Architecture

Full deployment

All traffic goes through a single SPCS ingress endpoint on port 18789. Snowflake handles TLS and authentication. The Cortex proxy runs as an internal-only sidecar in the same service — it is not exposed to ingress.

Channels  <--socket/ws-->  SPCS Ingress  <-->  OpenClaw Gateway (:18789)
                                                  |
                                                  +-- Web UI
                                                  +-- WebSocket RPC
                                                  +-- /v1/* OpenAI-compat API
                                                  +-- Plugin HTTP routes
                                                  |
                                                Cortex Proxy Sidecar (:8080, internal)
                                                  +-- POST /v1/chat/completions
                                                  |       (OpenAI / Snowflake / Llama)
                                                  +-- POST /v1/messages
                                                  |       (Claude, native cache_control)
                                                  +-- Secret masking (per-shape walker)
                                                  +-- Request transforms
                                                  +-- SSE streaming passthrough
                                                  +-- Cache-stat logging
                                                  |
                                                Snowflake Cortex (outbound)
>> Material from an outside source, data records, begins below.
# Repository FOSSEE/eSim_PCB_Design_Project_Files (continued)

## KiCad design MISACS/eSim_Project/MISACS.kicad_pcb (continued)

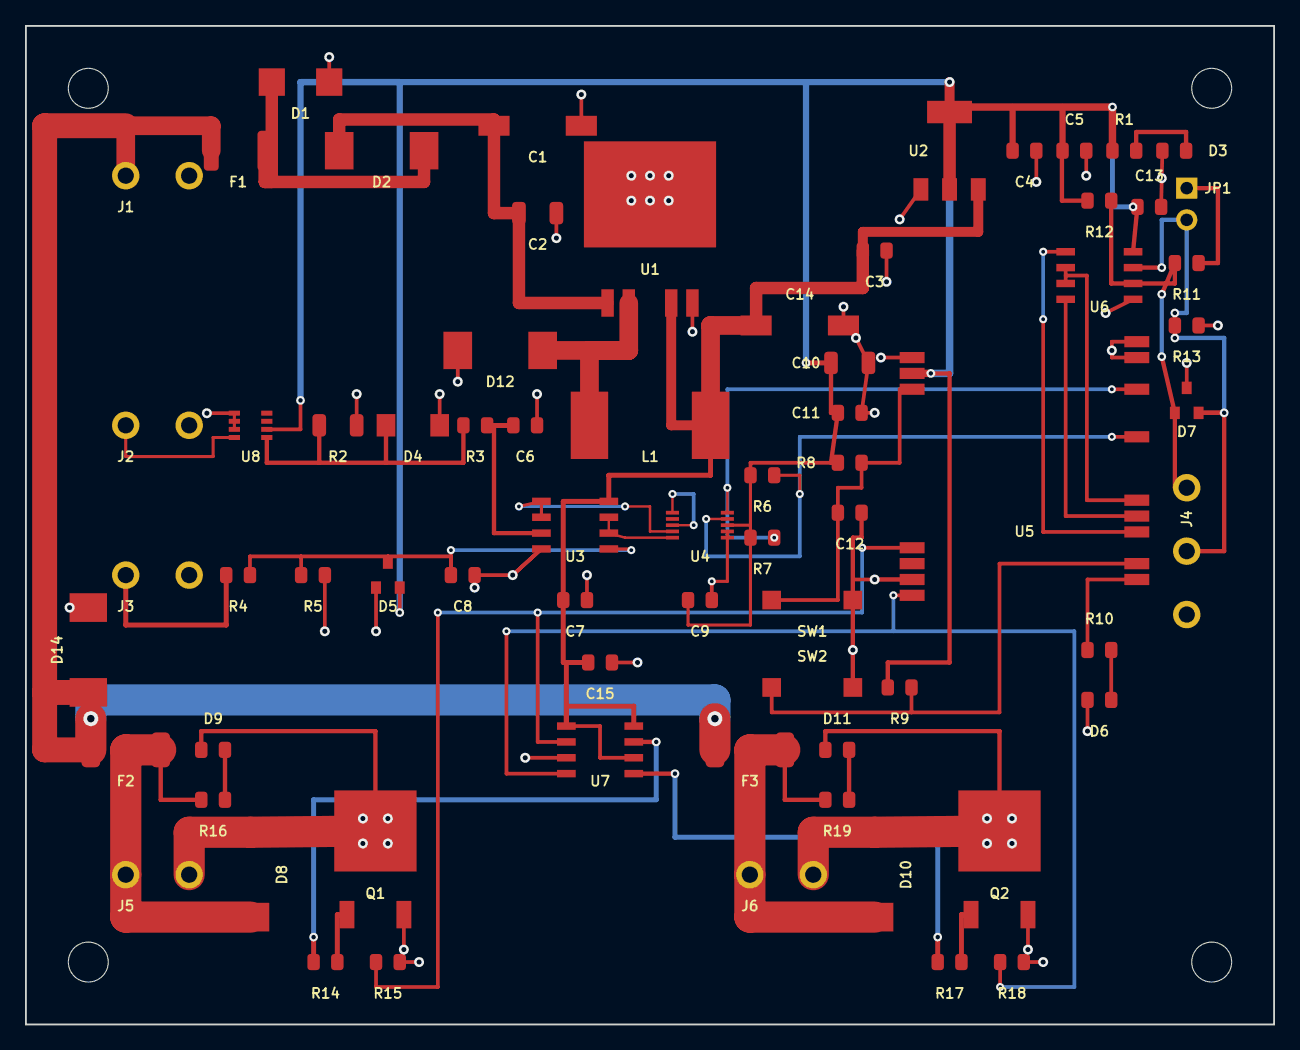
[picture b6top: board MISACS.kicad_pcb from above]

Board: 2 copper layers, 100.0 x 80.0 mm, 70 parts (0 on the bottom side), 39 nets.

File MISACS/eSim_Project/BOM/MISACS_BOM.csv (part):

Item,Qty,Reference,Value,Description,Footprint,Manufacturer,MPN
1,1,J1,PWR_IN_24V,Screw Terminal Block 2-Pin 5.08mm Pitch Horizontal 24V DC Main Power Input,"TerminalBlock_Phoenix:TerminalBlock_Phoenix_MKDS-1,5-2-5.08_1x02_P5.08mm_Horizontal",Phoenix Contact,1715721
2,1,F1,1.1A_PTC,Resettable PTC Fuse 1.1A Hold / 2.2A Trip 24V SMD 1812 (Logic Rail Protection),Fuse:Fuse_1812_4532Metric,Bourns,MF-MSMF110/33X-2
3,1,D1,SMBJ30A,"TVS Diode Unidirectional 30V 600W SMB (Power Entry Transient Voltage Suppressor, Clamps @ 48.4V)",Diode_SMD:D_SMB,Littelfuse,SMBJ30A
4,1,D2,SS36,Schottky Barrier Diode 60V 3A SMC (Logic Rail Reverse Polarity Protection),Diode_SMD:D_SMC,Vishay,SS36-E3/57T
5,1,C1,100uF_50V,Electrolytic Bulk Input Capacitor 100uF 50V Low-ESR SMD (8x10.5mm),Capacitor_SMD:CP_Elec_8x10.5,Panasonic,EEE-FK1H101P
6,1,C2,10uF_50V,Ceramic High-Frequency Bypass Capacitor 10uF 50V X7R 1206 SMD,Capacitor_SMD:C_1206_3216Metric,KEMET,C1206C106K5RAC7800
7,1,U1,LM2576HVS-5.0,Step-Down Switching Voltage Regulator 5V 3A High-Voltage TO-263-5 (LM2576HVS),Package_TO_SOT_SMD:TO-263-5_TabPin3,Texas Instruments,LM2576HVS-5.0/NOPB
8,1,D8,SS56,Schottky Barrier Diode 60V 5A SMC (Actuator Channel 1 Inductive Flyback Clamping Diode),Diode_SMD:D_SMC,Vishay,SS56-E3/57T
9,1,D10,SS56,Schottky Barrier Diode 60V 5A SMC (Actuator Channel 2 Inductive Flyback Clamping Diode),Diode_SMD:D_SMC,Vishay,SS56-E3/57T
10,1,D12,SS56,Schottky Barrier Diode 60V 5A SMC (24V-to-5V Buck Converter Fast Freewheeling Catch Diode),Diode_SMD:D_SMC,Vishay,SS56-E3/57T
11,1,D14,SS56,Schottky Barrier Diode 60V 5A SMC (J1 Main 24V Power Input Reverse-Polarity Shunt Diode),Diode_SMD:D_SMC,Vishay,SS56-E3/57T
12,1,L1,100uH_1.7A,"Shielded Power Inductor 100uH 1.7A Saturation / RMS 180 mOhm Max DCR SMD (12.5x12.5mm, Limits 5V Rail to 1.15A Worst-Case / 1.32A Nom Continuous)",Inductor_SMD:L_Bourns_SRR1260,Bourns,SRR1260-101M
13,1,C14,220uF_16V,Low-ESR Bulk Output Electrolytic Capacitor 220uF 16V SMD (8x10.5mm),Capacitor_SMD:CP_Elec_8x10.5,Panasonic,EEE-FK1C221P
14,1,C3,10uF_16V,High-Frequency Ceramic Output Filter Capacitor 10uF 16V X7R 0805 SMD,Capacitor_SMD:C_0805_2012Metric,Murata,GRM21BR71C106KE15L
15,1,U2,AMS1117-3.3,Low Dropout Linear Regulator 3.3V 1A SOT-223-3 (AMS1117-3.3),Package_TO_SOT_SMD:SOT-223-3_TabPin2,Advanced Monolithic Systems,AMS1117-3.3
16,1,C4,10uF_16V,Ceramic Bulk Decoupling Capacitor 10uF 16V X7R 0805 SMD (AMS1117-3.3 Output Bulk Bypass),Capacitor_SMD:C_0805_2012Metric,Murata,GRM21BR71C106KE15L
17,1,C10,10uF,"Ceramic Bulk Decoupling Capacitor 10uF 16V X7R 1206 SMD (ESP32 3V3 Bulk Decoupling; Plausible static stability, dynamic Wi-Fi load stability pending prototype qualification; Case A tantalum hand-solderable for bench validation)",Capacitor_SMD:C_1206_3216Metric,KEMET,C1206C106K4RACTU
18,8,"C5, C6, C7, C8, C9, C11, C13, C15",100nF,Ceramic Decoupling Capacitor 100nF 50V X7R 0805 SMD,Capacitor_SMD:C_0805_2012Metric,KEMET,C0805C104K5RACTU
19,1,C12,100nF,Ceramic Timing Capacitor 100nF 50V X7R 0805 SMD (ESP32 MCU_EN RC Reset Delay Network),Capacitor_SMD:C_0805_2012Metric,KEMET,C0805C104K5RACTU
20,2,"R1, R3",1k,Thick Film Resistor 1k 1% 0.125W 0805 SMD (Power LED & RC Filter),Resistor_SMD:R_0805_2012Metric,Yageo,RC0805FR-071KL
21,1,D3,GREEN,SMD Indicator LED Green 0805 Clear (+3.3V Power Good Indicator),LED_SMD:LED_0805_2012Metric,Lite-On,LTST-C170KGKT
22,1,J2,4-20mA_IN,Screw Terminal Block 2-Pin 5.08mm Pitch Horizontal 4-20mA Loop Input,"TerminalBlock_Phoenix:TerminalBlock_Phoenix_MKDS-1,5-2-5.08_1x02_P5.08mm_Horizontal",Phoenix Contact,1715721
23,1,U8,TPS26610DDF,Active Current Limiter & Reverse Protection eFuse SOT-23-8 (TPS26610DDF),Package_TO_SOT_SMD:SOT-23-8,Texas Instruments,TPS26610DDFR
24,1,R2,100R_0.1%,Metal Film Precision Current Shunt Resistor 100 Ohm 0.1% 0.25W 25ppm 1206 SMD,Resistor_SMD:R_1206_3216Metric,Susumu,RR1220P-101-D
25,1,D4,SMAJ3.3A,TVS Diode Unidirectional 3.3V 400W SMA (4-20mA Shunt Overvoltage Clamping),Diode_SMD:D_SMA,Littelfuse,SMAJ3.3A
26,1,J3,0-10V_IN,Screw Terminal Block 2-Pin 5.08mm Pitch Horizontal 0-10V Sensor Input,"TerminalBlock_Phoenix:TerminalBlock_Phoenix_MKDS-1,5-2-5.08_1x02_P5.08mm_Horizontal",Phoenix Contact,1715721
27,1,R4,30k_0.1%,Thin Film Precision Resistor 30k 0.1% 0.125W 25ppm 0805 SMD (4:1 Voltage Divider High Side),Resistor_SMD:R_0805_2012Metric,Panasonic,ERA-6AEB303V
28,1,R5,10k_0.1%,Thin Film Precision Resistor 10k 0.1% 0.125W 25ppm 0805 SMD (4:1 Voltage Divider Low Side),Resistor_SMD:R_0805_2012Metric,Panasonic,ERA-6AEB103V
29,1,D5,BAT54S,Dual Schottky Barrier Diode Series Pair SOT-23 (Analog Input Clamping to GND/+3.3V),Package_TO_SOT_SMD:SOT-23,Diodes Inc.,BAT54S-7-F
30,1,U3,LMV358,Dual Rail-to-Rail Output Operational Amplifier SOIC-8 (LMV358),Package_SO:SOIC-8_3.9x4.9mm_P1.27mm,Texas Instruments,LMV358IDR
31,1,U4,ADS1115,Ultra-Small 16-Bit Precision Delta-Sigma ADC with PGA and I2C MSOP-10 (ADS1115),Package_SO:MSOP-10_3x3mm_P0.5mm,Texas Instruments,ADS1115IDGSR
32,2,"R6, R7",4.7k,Thick Film Resistor 4.7k 1% 0.125W 0805 SMD (I2C Bus Pull-Ups),Resistor_SMD:R_0805_2012Metric,Yageo,RC0805FR-074K7L
33,1,U5,ESP32-WROOM-32,"Wi-Fi & Bluetooth MCU Module ESP32-WROOM-32 (16MB Flash, On-Board Antenna)",RF_Module:ESP32-WROOM-32,Espressif Systems,ESP32-WROOM-32E-N16
34,2,"SW1, SW2",PTS645,Tactile Pushbutton Switch SPST-NO SMD 6x6mm (Reset and Boot Switches),Button_Switch_SMD:SW_SPST_PTS645,C&K Components,PTS645SM43SMTR92LFS
35,4,"R8, R9, R15, R18",10k,Thick Film Resistor 10k 1% 0.125W 0805 SMD (MCU Pull-Ups & Gate Pull-Downs),Resistor_SMD:R_0805_2012Metric,Yageo,RC0805FR-0710KL
36,1,D6,BLUE,SMD Indicator LED Blue 0805 Clear (MCU Heartbeat / Status Indicator),LED_SMD:LED_0805_2012Metric,Lite-On,LTST-C170TBKT
37,1,R10,1k,Thick Film Resistor 1k 1% 0.125W 0805 SMD (MCU Status LED Resistor),Resistor_SMD:R_0805_2012Metric,Yageo,RC0805FR-071KL
38,1,U6,MAX3485EESA,3.3V RS-485/RS-422 Transceiver Half-Duplex SOIC-8 Non-Isolated (MAX3485EESA+),Package_SO:SOIC-8_3.9x4.9mm_P1.27mm,Analog Devices / Maxim,MAX3485EESA+
39,1,R11,120R_1%,Thick Film Resistor 120 Ohm 1% 0.125W 0805 SMD (RS-485 Differential Bus Termination),Resistor_SMD:R_0805_2012Metric,Yageo,RC0805FR-07120RL
40,1,JP1,TERM_ENABLE,Pin Header 1x2 2.54mm Pitch Vertical with Jumper (RS-485 120 Ohm Bus Termination Enable),Connector_PinHeader_2.54mm:PinHeader_1x02_P2.54mm_Vertical,Wurth Elektronik,61300211121
41,2,"R12, R13",390R_0.1%,"Thin Film Resistor 390 Ohm 0.1% 0.125W 25ppm 0805 SMD (RS-485 Dual-Termination Fail-Safe Biasing, Yields +235.7mV Differential Idle Across 60 Ohm Terminated Bus)",Resistor_SMD:R_0805_2012Metric,Yageo,RC0805FR-07390RL
42,1,D7,SM712,Asymmetrical Bidirectional TVS Diode for Extended RS-485 Common Mode (+12V/-7V) SOT-23,Package_TO_SOT_SMD:SOT-23,Littelfuse,SM712-02HTG
43,1,J4,RS485_BUS,"Screw Terminal Block 3-Pin 5.08mm Pitch Horizontal (RS-485 Differential Bus A, B, GND)","TerminalBlock_Phoenix:TerminalBlock_Phoenix_MKDS-1,5-3-5.08_1x03_P5.08mm_Horizontal",Phoenix Contact,1715734
44,1,U7,UCC27524D,Dual 5A High-Speed Low-Side Power MOSFET Gate Driver SOIC-8 (UCC27524D),Package_SO:SOIC-8_3.9x4.9mm_P1.27mm,Texas Instruments,UCC27524D
45,2,"F2, F3",5A_FAST_FUSE,Fast-Acting Surface Mount Fuse 5.0A 125V SMD 2410 (Actuator Rail Protection),Fuse:Fuse_2410_6125Metric,Littelfuse,0451005.MRL
46,2,"R14, R17",10R,Thick Film Resistor 10 Ohm 1% 0.125W 0805 SMD (MOSFET Gate Dampening Resistor),Resistor_SMD:R_0805_2012Metric,Yageo,RC0805FR-0710RL
47,2,"Q1, Q2",IPD50N06S4L-08,N-Channel Power MOSFET 60V 50A 8.4mOhm DPAK / TO-252 (IPD50N06S4L-08),Package_TO_SOT_SMD:TO-252-2,Infineon Technologies,IPD50N06S4L-08
48,2,"D9, D11",YELLOW,SMD Indicator LED Yellow 0805 Clear (Actuator Channel Output Active Indicator),LED_SMD:LED_0805_2012Metric,Lite-On,LTST-C170KSKT
49,2,"R16, R19",2.2k,Thick Film Resistor 2.2k 1% 0.125W 0805 (Actuator LED Current Limiter),Resistor_SMD:R_0805_2012Metric,Yageo,RC0805FR-072K2L
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
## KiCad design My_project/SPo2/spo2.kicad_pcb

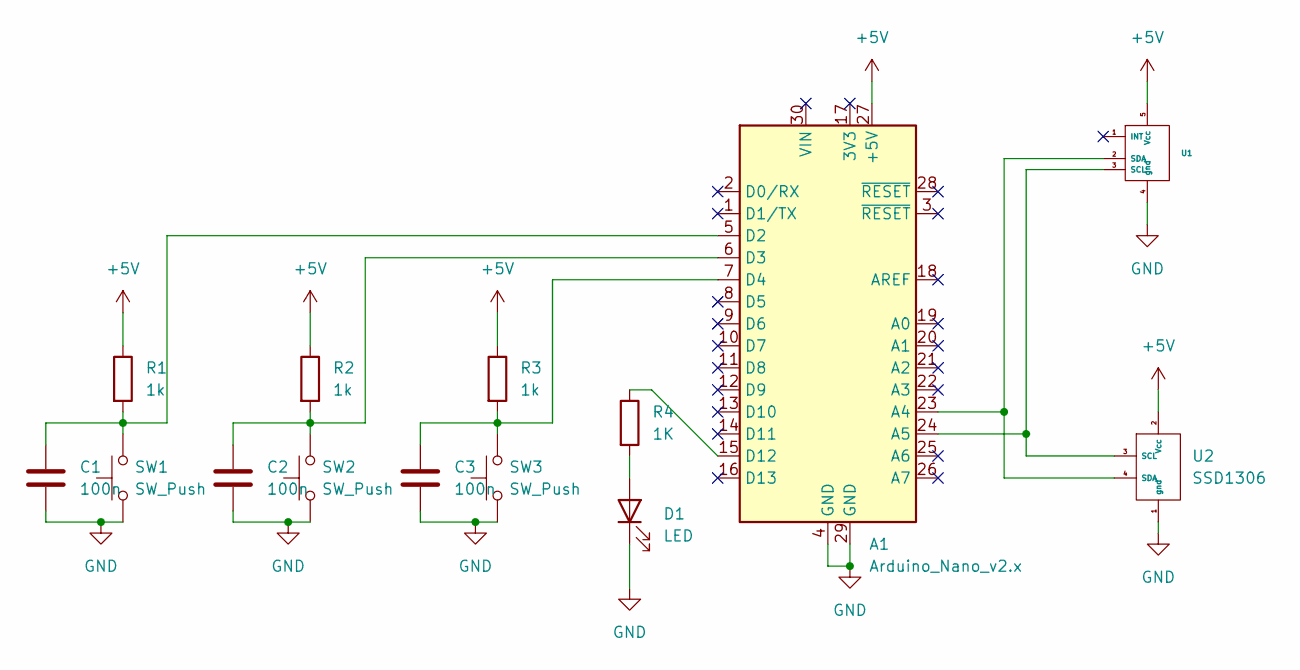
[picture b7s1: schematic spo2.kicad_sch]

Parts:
A1: Arduino_Nano_v2.x; Arduino_Nano
C1, C2, C3: 100n; C_Disc_D4.7mm_W2.5mm_P5.00mm
D1: LED; LED_D5.0mm
R1, R2, R3: 1k; R_Axial_DIN0204_L3.6mm_D1.6mm_P7.62mm_Horizontal
R4: 1K; R_Axial_DIN0204_L3.6mm_D1.6mm_P7.62mm_Horizontal
SW1, SW2, SW3: SW_Push; SW_PUSH_6mm
U1: MAX30102
U2: SSD1306

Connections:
+5V: A1.27 (+5V), R1.1, R2.1, R3.1, U1.5 (Vcc), U2.2 (Vcc)
GND: A1.4 (GND), A1.29 (GND), C1.2, C2.2, C3.2, D1.1 (K), SW1.2, SW2.2, SW3.2, U1.4 (gnd), U2.1 (gnd)
unnamed: A1.23 (A4), U1.2 (SDA), U2.4 (SDA)
unnamed: A1.24 (A5), U1.3 (SCL), U2.3 (SCL)
unnamed: A1.5 (D2), C1.1, R1.2, SW1.1
unnamed: A1.6 (D3), C2.1, R2.2, SW2.1
unnamed: A1.7 (D4), C3.1, R3.2, SW3.1
unnamed: A1.15 (D12), R4.1
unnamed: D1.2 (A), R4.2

Two containers in one SPCS service:

  • openclaw — the main gateway. 1–2 CPU, 2–4Gi RAM. Secrets injected as env vars. Volume mounted at /home/node/.openclaw and backed by the snowclaw_state_stage internal stage.
  • cortex-proxy — the FastAPI sidecar. 0.5–1 CPU, 512Mi–1Gi RAM. Same secret env vars for masking.

Providers

The generated openclaw.json writes two providers, both backed by the same proxy on different endpoints:

ProviderTransportEndpointModelsCaching
cortex-claudeanthropic-messages/v1/messagesClaude onlyNative cache_control markers, honored by Cortex
cortex-openaiopenai-completions/v1/chat/completionsOpenAI / Snowflake / LlamaAutomatic, server-side (>1024 tokens)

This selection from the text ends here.